Forum OpenACS Q&A: What is hardware specification for OpenACS?

I am looking for the server hardware now for installation. I would
like to know of the hardware specification for OpenACS. Can anyone
knows about this. I visited ACS site for ACS hardware specification,
but could not find for OpenACS.


Abraham Lee

Posted by Jonathan Ellis on
My development machine is a sparcstation 10 with a 50MHz processor and 128MB of ram.  People who actually have sites running will want something slightly faster. :)  How much faster depends on what you are doing with it...
Posted by Gilbert Price on
I'm currently using a left over Pentium 133 with 64 meg. RAM. Running under Redhat 7.1...Works good so far...I have also had everything installed on 1 ghz Athelon w/512mb RAM under RH 7, but that machine (sshhhh) got pressed into service as a Windows 2000 server  for IIS-5 (please don't tell anyone -- 😊
Posted by Li-fan Chen on

1. For development, a slower system is adequate.

2. For stress-testing or production boxes, you will need more powerful hardware.

3. OpenACS (and is usually associated with PostgreSQL. ACS (and is usually associated with Oracle. Same ancestor. Different wives (uh.. developers)

4. RDBMS are ram pigs.

I saw Non-ECC 512Meg PC133 SDRAM for less than NT$3000 (NT$2650-NT$2700)two days ago in Taipei NOVA store. What a shock. Just do the math. Divide NT$3000 by 30 (very very stupid rough exchange rate) to get the USD. It was twice that only a few month ago. So obviously if you don't take ECC ram seriously (and you really really should--once you get enough ram in the system and PostgreSQL/Oracle together), one slab of this should go into your development/production box.

What PostgreSQL want: 128Meg of ram to 64 for development. 256Meg to 128 makes a PostgreSQL production box very happy. As long as you know SQL enough to tune it.

What Oracle wants: I am not even going to get into this (it's kinda religious). But needless to say Oracle8i on Windows 2000 crawls on 256Megs of ram and a few megs of trivia data. Obviously 256Megs will do you no good for development. But if you have clients who pay for Oracle licenses, do please get ECC ram for your production box (read other threads in OpenACS about purchasing [REAL] ECC RAM). All of this really costly.. so figure out if you need ECC ram for development purposes (most people think no--but maybe...)

5. Development boxes for RDBMS in the perfect world would be disk hogs.. because in the perfect world everyone would be a master SQL tuner and spend days optimizing and stress-testing every little SQL statement they ever pump out. Until that day comes, get a 20 gig drive.
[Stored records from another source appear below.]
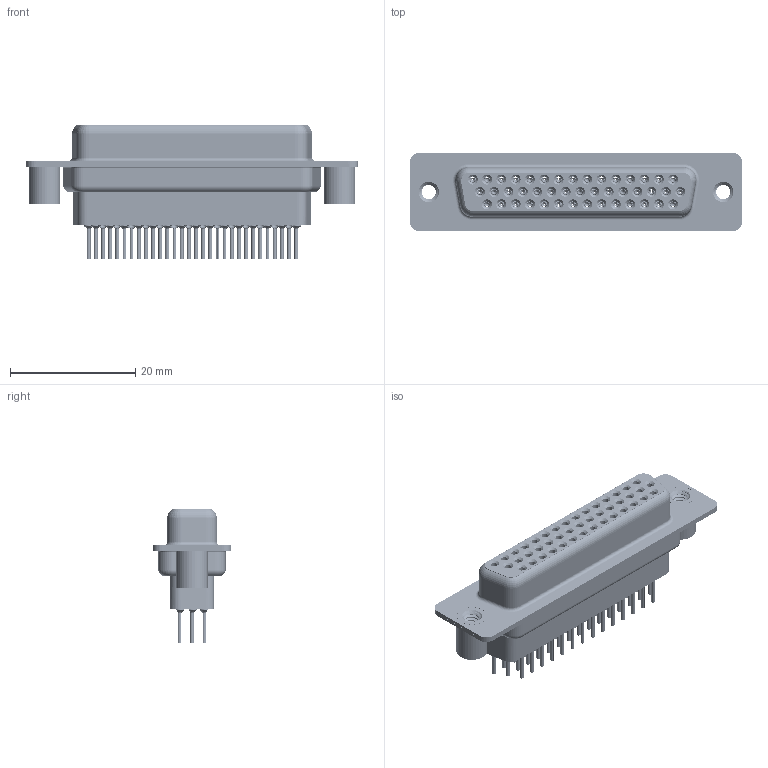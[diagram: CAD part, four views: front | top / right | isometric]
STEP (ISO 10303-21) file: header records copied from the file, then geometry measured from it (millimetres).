
FILE_DESCRIPTION (( 'STEP AP203' ), '1' );
FILE_NAME ('638-044-331-279.STEP', '2020-07-18T23:26:06', ( '' ), ( '' ), 'SwSTEP 2.0', 'SolidWorks 2020', '' );
FILE_SCHEMA (( 'CONFIG_CONTROL_DESIGN' ));
Length unit declared in the file: millimetre
Products named in the file (8): 638 Shell Front_44 Contacts; 638-044-331-279; 638 Shell Rear_44 Contacts; 638 Contact Row 2_31; 638 Contact Row 3_31; 638 Housing_44 Contacts HP; 638 Contact Row 1_31; 638 4-40 Threaded Standoff BS
Assembly tree (49 placements, depth 2):
  638-044-331-279
    638 Housing_44 Contacts HP
    638 Shell Front_44 Contacts
    638 Shell Rear_44 Contacts
    638 Contact Row 1_31  x15
    638 Contact Row 2_31  x15
    638 Contact Row 3_31  x14
    638 4-40 Threaded Standoff BS  x2
Bounding box: 53.04 x 12.6 x 21.5 mm (x, y, z)
Volume: 4079 mm3; surface area: 15540.8 mm2
Topology: 49 solids, 49 shells, 5713 faces, 14653 edges, 9137 vertices
Faces by surface type: cylinder 1609, plane 1431, torus 1113, bspline 886, cone 674
Entity records: 40302 total; most frequent: CARTESIAN_POINT 11124, DIRECTION 6021, ORIENTED_EDGE 5458, EDGE_CURVE 2729, AXIS2_PLACEMENT_3D 2532, VERTEX_POINT 1725, EDGE_LOOP 1402, CIRCLE 1384

PostgreSQL is not a hard disk pig. Oracle is. This is not counting the data (because PostgreSQL have been known to handle a cargo load of data without forcing the user to pay a penny more). Buy a cheap 20 gigger IDE and it will be fine for development purposes (and lots of MP3s on the PostgreSQL side). If you want to be a kick ass Oracle DBA someday.. get your company to invest in some IDE or SCSI RAIDs (haha yeah right). The only rule is don't buy the biggest drive you can get.. but get as many number of smaller drives you can purchase and a decent RAID subsystem. Most development box I see (doing SQL and forms work) make do with plain old single IDE drives though. Again, the RAID is for tuning-happy admins doing stress-testing and production. There are a lot of how-tos on this on the net without spending on books.

6. When you can remember the difference between RAID 0, 1, and 5.. buy the book "Scaling Oracle" and read at least the first half of it.

7. There is a seach function on both and -- use it. It will get you more information about hardware recommendations.

Posted by Li-fan Chen on

P.S. I am disgusted at Windows 2000. Just pointing out a tiny little section of it would illustrate its overall problems (one of which is.. documented bugs created in 1996 are still here in 2001-and god knows about the undocumented ones).

IIS 3.0's VBScript 5.0 is not easy when you trying to get a Site-wide hash structure up and going takes hours of debugging; half an hour of doc reading; follow by the grim realization that Scripting.Dictionary doesn't work with Application.Contents() so that's why you can't debug the problem out of the system; following by a upgrade download, registering the upgrade download; documenting the mess so the next bloke that waltz into your company doing ASP work don't face the same problem (if she or he reads docs at all), follow by ripping out your hair out knowing that the competition probably did the same exact thing with OpenACS+AOLserver (or even something as gross as ColdFusion 4.5) in less than 3 minutes reading just the basic docs. .Net? Service Pack SP1+SP2? No thanks. Any Canadian OpenACS companies? Hire me!